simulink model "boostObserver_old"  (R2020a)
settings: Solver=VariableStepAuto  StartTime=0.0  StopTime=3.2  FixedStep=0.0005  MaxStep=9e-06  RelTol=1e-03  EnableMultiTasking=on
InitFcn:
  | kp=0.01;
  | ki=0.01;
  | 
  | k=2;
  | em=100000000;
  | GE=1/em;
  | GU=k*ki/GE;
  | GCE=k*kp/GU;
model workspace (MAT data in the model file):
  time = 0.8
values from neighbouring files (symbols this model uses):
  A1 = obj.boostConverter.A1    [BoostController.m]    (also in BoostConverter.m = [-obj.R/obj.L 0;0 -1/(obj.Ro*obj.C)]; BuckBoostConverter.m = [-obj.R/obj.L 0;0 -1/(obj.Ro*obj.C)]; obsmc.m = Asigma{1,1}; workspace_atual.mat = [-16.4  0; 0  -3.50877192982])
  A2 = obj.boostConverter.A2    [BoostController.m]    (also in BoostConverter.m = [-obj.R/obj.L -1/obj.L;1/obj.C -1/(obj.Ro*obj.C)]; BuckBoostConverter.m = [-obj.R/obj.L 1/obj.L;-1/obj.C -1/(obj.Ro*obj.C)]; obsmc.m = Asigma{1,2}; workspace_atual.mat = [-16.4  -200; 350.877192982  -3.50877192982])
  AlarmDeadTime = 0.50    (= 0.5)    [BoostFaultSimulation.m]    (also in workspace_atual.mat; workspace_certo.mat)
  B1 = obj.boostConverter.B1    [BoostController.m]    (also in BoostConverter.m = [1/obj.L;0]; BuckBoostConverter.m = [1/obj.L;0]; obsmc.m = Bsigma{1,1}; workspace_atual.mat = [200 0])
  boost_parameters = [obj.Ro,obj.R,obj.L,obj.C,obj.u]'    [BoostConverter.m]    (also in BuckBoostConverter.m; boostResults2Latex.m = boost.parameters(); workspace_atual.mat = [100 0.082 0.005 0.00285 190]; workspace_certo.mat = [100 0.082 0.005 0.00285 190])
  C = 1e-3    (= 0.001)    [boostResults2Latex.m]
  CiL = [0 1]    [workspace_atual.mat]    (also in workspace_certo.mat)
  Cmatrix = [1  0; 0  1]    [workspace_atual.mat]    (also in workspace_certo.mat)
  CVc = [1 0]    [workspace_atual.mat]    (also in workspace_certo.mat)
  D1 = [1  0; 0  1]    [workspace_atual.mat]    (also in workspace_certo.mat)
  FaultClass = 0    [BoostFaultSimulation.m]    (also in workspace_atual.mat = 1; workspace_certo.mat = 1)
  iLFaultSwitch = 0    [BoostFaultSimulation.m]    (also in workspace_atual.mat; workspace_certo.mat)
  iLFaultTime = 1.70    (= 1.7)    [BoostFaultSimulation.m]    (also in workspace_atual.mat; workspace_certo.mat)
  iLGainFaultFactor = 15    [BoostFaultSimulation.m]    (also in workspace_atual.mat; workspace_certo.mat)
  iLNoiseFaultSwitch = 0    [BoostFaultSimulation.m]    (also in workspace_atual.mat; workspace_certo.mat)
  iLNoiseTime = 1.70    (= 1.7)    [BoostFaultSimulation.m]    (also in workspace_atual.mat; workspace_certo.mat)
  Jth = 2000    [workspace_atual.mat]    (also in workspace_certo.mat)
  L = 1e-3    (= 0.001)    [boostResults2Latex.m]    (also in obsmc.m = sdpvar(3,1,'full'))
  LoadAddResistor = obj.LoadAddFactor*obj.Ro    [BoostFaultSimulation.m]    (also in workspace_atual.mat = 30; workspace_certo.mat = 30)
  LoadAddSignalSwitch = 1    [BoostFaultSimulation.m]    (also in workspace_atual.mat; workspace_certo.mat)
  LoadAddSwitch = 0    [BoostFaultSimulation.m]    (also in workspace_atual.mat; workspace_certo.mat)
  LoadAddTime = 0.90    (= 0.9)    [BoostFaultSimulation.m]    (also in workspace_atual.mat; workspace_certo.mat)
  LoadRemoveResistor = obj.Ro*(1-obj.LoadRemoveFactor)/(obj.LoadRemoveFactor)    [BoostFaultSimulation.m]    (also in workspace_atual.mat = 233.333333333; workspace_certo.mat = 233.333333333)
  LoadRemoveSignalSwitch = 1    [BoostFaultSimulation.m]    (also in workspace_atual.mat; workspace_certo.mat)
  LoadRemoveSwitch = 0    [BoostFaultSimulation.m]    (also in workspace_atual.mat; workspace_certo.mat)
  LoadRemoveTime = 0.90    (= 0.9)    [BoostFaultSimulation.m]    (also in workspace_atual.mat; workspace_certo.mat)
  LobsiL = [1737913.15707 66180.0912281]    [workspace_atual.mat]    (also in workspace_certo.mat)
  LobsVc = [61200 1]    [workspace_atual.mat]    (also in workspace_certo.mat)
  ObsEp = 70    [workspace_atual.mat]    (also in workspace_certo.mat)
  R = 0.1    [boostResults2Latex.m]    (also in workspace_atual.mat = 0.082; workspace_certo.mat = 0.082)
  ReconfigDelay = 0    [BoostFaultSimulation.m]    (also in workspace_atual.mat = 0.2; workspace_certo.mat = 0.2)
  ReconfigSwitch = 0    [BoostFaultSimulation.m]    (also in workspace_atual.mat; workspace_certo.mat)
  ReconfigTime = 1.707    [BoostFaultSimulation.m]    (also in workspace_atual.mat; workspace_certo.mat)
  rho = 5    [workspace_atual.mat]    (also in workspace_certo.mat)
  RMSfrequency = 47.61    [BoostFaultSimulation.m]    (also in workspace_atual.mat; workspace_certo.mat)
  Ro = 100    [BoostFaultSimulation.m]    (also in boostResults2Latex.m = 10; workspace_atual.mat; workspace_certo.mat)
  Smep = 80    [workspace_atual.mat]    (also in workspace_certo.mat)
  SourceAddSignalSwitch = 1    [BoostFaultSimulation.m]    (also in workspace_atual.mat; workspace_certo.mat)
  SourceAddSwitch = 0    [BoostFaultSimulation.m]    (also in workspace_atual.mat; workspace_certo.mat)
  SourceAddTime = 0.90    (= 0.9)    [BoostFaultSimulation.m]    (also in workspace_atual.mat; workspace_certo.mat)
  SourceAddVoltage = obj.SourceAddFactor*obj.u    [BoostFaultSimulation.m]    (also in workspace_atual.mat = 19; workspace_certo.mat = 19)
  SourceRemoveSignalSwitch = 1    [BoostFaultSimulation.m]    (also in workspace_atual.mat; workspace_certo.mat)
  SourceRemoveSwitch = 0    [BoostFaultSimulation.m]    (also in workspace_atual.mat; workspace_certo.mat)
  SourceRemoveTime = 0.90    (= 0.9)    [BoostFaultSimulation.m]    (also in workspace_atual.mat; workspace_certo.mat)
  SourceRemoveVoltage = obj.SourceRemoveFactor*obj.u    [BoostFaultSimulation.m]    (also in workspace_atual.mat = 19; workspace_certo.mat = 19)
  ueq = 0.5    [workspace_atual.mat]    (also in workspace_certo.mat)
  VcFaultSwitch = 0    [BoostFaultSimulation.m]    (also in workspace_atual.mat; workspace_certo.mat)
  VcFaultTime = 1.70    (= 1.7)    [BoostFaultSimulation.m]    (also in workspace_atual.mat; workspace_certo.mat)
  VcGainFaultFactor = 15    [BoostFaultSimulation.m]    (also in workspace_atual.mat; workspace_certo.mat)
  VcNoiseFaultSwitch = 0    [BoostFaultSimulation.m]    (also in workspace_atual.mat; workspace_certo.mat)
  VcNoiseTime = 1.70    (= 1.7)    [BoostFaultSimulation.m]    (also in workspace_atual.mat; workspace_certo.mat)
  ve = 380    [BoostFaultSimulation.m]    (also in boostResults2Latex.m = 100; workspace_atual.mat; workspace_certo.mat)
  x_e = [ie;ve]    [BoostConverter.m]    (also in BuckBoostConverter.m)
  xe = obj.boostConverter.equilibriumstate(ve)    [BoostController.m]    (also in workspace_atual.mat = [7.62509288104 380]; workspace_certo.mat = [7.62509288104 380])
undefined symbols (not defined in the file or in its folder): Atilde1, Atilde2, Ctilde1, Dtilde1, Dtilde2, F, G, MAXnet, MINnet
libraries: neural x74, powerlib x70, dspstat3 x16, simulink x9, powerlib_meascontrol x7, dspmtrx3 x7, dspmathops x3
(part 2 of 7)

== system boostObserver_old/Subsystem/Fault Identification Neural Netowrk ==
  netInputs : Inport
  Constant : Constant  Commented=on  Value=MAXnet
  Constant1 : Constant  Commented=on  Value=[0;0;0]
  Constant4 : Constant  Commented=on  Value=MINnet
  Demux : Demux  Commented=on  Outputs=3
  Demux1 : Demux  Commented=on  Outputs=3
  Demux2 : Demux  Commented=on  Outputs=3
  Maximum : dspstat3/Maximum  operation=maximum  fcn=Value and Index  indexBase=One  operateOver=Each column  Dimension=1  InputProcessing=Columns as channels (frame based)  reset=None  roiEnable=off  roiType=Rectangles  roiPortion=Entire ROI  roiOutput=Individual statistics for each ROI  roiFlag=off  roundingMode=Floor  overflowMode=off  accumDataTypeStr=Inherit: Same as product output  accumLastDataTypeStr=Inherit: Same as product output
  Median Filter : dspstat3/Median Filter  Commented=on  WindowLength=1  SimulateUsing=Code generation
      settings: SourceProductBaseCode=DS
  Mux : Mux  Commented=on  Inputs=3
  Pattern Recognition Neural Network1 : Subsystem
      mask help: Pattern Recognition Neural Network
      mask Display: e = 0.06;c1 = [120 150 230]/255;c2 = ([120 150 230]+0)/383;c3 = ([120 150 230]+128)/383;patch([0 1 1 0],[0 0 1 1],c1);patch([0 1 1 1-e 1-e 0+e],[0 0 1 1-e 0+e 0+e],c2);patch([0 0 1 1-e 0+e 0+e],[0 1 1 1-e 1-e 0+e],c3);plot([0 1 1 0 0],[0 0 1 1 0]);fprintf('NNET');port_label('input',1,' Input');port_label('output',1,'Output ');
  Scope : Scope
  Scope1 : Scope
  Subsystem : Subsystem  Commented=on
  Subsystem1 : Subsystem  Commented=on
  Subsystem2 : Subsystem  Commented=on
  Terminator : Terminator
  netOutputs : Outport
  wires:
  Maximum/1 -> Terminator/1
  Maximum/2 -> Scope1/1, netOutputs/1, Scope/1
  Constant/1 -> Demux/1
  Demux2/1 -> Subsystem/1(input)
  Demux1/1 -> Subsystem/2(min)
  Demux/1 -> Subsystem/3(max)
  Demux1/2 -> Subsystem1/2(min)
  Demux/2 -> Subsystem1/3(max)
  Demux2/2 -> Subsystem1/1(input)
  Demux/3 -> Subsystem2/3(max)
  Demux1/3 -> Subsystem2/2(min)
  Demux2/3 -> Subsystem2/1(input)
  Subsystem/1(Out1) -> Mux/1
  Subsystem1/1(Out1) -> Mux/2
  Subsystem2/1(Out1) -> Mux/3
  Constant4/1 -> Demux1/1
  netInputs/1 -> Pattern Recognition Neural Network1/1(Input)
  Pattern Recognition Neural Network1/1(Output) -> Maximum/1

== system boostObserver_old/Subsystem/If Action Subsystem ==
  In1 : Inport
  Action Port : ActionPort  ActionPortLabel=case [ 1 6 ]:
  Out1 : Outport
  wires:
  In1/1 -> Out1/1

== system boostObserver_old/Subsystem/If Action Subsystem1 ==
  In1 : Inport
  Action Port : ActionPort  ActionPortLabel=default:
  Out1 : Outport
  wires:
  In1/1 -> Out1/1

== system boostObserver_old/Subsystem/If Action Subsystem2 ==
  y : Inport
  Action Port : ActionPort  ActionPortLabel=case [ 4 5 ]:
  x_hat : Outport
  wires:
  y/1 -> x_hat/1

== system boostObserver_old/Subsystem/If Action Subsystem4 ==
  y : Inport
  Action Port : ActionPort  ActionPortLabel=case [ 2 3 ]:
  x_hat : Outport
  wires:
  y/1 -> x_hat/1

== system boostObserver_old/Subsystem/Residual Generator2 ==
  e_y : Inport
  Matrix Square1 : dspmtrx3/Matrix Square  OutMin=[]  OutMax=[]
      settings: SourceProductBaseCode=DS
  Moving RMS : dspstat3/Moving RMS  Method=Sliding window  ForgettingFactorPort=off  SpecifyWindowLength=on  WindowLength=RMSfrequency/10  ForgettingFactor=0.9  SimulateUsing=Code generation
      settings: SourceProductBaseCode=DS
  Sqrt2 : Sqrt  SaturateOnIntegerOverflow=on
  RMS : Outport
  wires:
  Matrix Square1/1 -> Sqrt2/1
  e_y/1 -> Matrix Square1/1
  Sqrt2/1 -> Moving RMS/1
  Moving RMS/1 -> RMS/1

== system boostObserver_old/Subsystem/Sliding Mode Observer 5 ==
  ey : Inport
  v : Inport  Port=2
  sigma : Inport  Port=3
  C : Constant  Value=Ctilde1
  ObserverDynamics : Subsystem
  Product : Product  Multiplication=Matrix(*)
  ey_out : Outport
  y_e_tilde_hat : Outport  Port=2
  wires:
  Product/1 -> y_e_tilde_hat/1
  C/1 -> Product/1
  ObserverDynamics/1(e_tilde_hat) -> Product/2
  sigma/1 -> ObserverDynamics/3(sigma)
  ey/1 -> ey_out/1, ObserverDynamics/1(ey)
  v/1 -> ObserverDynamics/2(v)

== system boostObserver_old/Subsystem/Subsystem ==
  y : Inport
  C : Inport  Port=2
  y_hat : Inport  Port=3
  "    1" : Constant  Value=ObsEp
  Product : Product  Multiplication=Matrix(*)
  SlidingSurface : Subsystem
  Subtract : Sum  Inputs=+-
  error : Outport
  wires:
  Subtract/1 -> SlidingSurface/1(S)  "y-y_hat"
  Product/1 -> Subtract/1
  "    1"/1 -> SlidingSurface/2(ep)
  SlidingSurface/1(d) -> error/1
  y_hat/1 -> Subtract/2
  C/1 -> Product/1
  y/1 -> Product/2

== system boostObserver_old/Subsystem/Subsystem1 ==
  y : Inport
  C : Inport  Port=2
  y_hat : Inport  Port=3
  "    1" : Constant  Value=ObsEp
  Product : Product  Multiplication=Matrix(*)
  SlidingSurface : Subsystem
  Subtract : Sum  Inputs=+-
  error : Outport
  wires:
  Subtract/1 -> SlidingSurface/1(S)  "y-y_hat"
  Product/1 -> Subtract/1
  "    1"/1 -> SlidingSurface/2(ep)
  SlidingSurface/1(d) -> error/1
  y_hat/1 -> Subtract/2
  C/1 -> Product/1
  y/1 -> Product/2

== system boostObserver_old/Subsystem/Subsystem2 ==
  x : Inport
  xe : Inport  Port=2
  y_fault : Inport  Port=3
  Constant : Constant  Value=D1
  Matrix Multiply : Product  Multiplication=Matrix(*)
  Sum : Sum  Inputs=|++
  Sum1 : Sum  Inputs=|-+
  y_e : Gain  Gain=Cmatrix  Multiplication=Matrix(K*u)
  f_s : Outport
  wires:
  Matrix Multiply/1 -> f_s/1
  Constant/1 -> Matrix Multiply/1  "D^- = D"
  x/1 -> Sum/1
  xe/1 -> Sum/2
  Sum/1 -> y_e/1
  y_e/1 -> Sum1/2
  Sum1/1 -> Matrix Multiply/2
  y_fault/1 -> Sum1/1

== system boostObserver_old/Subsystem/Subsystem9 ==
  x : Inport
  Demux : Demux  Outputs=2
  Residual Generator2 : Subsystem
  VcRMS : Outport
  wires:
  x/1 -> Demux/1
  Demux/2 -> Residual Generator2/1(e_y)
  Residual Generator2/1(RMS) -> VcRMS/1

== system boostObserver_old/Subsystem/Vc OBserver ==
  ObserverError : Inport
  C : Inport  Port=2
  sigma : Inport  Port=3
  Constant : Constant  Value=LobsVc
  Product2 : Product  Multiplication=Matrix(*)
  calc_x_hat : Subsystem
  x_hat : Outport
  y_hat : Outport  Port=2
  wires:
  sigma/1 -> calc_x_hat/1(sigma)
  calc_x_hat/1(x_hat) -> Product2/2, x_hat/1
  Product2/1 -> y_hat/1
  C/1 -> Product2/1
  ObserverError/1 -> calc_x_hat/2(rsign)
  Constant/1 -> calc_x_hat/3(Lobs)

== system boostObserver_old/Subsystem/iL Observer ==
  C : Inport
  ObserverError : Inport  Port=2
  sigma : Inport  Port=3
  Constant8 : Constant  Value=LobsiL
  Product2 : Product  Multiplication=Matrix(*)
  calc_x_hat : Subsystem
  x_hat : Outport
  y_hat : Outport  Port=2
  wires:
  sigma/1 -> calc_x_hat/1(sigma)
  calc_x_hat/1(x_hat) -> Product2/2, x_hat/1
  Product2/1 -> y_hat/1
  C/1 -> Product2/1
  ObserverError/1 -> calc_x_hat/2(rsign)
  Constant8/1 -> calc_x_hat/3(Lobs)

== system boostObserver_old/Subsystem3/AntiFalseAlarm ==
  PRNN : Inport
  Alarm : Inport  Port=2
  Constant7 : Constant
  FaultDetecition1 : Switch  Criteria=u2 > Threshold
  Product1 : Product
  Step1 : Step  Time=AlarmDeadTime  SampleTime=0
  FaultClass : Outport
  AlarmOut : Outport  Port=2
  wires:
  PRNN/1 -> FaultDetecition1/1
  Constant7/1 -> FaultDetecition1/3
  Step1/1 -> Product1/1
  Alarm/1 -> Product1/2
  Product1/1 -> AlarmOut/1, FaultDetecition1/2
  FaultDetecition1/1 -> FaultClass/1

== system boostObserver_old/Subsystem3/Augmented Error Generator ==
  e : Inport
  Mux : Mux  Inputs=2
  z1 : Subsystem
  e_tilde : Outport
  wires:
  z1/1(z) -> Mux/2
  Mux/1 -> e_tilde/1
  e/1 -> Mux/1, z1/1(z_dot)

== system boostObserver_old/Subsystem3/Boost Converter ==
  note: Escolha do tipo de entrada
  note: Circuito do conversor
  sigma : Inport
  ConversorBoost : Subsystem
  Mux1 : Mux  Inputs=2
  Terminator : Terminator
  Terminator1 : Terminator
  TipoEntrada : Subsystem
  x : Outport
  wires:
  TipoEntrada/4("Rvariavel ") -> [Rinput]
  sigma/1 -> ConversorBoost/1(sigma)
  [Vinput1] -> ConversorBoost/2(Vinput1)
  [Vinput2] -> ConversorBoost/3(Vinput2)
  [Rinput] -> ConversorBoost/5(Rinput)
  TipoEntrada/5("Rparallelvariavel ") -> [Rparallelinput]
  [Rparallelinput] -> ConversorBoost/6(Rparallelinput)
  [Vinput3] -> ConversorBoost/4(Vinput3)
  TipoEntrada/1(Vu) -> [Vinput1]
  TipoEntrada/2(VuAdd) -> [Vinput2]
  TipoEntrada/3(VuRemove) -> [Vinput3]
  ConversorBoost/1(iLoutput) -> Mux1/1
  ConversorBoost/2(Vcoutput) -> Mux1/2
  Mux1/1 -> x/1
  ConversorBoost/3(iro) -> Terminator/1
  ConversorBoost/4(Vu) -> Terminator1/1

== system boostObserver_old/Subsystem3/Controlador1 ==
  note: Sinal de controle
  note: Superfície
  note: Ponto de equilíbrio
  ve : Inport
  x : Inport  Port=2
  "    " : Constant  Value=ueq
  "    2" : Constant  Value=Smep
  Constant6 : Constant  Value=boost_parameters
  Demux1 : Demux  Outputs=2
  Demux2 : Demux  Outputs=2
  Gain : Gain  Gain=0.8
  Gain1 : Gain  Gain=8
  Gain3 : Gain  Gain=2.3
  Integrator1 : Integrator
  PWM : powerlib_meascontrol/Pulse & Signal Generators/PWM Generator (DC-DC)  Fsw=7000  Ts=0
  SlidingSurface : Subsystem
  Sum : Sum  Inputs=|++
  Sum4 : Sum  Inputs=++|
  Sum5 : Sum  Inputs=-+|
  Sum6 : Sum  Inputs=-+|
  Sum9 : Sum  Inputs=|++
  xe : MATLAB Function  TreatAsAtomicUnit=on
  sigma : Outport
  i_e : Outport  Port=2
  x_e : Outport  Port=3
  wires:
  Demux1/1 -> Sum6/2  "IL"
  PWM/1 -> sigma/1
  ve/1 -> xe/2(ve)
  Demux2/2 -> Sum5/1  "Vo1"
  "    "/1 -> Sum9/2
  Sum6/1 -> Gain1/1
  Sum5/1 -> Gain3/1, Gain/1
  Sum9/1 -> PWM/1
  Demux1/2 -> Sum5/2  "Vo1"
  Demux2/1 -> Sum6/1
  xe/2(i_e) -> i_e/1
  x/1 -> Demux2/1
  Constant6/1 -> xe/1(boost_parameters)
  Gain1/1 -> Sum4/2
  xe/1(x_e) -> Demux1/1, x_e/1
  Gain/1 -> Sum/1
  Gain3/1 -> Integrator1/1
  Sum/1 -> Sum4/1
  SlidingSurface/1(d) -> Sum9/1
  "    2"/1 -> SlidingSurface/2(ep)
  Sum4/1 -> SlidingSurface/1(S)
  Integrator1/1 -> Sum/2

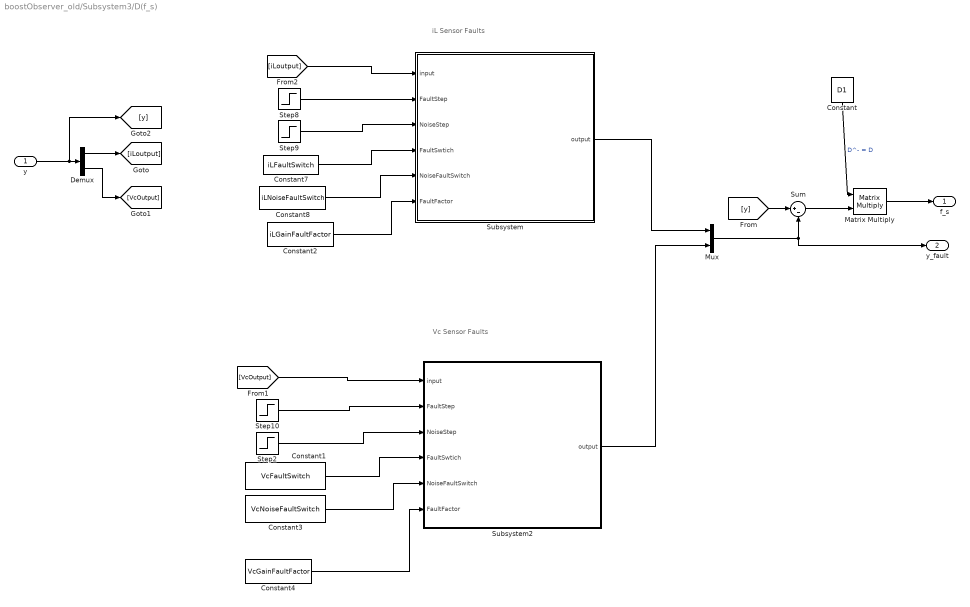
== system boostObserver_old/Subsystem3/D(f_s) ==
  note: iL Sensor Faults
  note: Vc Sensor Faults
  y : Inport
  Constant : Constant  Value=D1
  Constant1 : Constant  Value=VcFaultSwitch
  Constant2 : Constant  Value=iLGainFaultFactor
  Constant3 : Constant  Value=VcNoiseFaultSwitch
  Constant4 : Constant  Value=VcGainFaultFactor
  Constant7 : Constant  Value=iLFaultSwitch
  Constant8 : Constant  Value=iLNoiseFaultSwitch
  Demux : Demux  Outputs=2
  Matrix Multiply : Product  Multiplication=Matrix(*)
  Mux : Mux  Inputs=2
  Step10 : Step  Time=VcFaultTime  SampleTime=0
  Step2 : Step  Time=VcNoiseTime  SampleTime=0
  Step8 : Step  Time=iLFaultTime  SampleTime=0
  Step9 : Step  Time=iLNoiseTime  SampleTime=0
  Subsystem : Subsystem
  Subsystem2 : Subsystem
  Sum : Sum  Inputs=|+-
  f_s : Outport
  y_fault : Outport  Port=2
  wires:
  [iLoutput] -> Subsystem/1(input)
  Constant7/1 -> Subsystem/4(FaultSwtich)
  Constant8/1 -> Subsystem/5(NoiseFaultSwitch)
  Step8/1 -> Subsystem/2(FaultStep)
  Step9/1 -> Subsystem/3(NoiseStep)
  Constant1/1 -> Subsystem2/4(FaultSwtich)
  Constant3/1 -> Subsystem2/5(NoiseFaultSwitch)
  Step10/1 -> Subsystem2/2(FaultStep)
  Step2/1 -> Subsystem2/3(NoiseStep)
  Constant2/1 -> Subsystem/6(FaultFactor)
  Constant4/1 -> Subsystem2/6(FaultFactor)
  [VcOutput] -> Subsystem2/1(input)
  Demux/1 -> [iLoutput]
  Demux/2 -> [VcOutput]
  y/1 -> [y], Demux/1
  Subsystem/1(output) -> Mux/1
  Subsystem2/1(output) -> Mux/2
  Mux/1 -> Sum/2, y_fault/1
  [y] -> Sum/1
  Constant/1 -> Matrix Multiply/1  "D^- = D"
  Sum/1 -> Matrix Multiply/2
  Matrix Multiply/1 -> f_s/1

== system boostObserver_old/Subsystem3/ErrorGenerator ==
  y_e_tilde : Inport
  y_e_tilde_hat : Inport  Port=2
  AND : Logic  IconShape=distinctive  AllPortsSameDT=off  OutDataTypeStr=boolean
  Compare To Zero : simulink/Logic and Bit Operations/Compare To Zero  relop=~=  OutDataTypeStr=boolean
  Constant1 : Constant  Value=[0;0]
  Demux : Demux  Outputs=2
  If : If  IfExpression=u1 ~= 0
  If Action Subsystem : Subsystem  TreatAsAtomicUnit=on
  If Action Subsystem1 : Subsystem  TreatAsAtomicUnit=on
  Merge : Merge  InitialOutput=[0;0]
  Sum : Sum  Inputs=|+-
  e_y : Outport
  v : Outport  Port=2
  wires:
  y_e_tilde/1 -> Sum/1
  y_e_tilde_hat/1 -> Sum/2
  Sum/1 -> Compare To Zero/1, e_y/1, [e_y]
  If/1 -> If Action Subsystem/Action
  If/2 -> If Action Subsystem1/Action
* * *
◆ Work to complete
Could you return exactly the stretch of the data above that starts at the line with "TipoEntrada/2(VuAdd) -> [Vinput2]" and ends at the line with "ConversorBoost/4(Vu) -> Terminator1/1", both lines included?

◆ Task response
  TipoEntrada/2(VuAdd) -> [Vinput2]
  TipoEntrada/3(VuRemove) -> [Vinput3]
  ConversorBoost/1(iLoutput) -> Mux1/1
  ConversorBoost/2(Vcoutput) -> Mux1/2
  Mux1/1 -> x/1
  ConversorBoost/3(iro) -> Terminator/1
  ConversorBoost/4(Vu) -> Terminator1/1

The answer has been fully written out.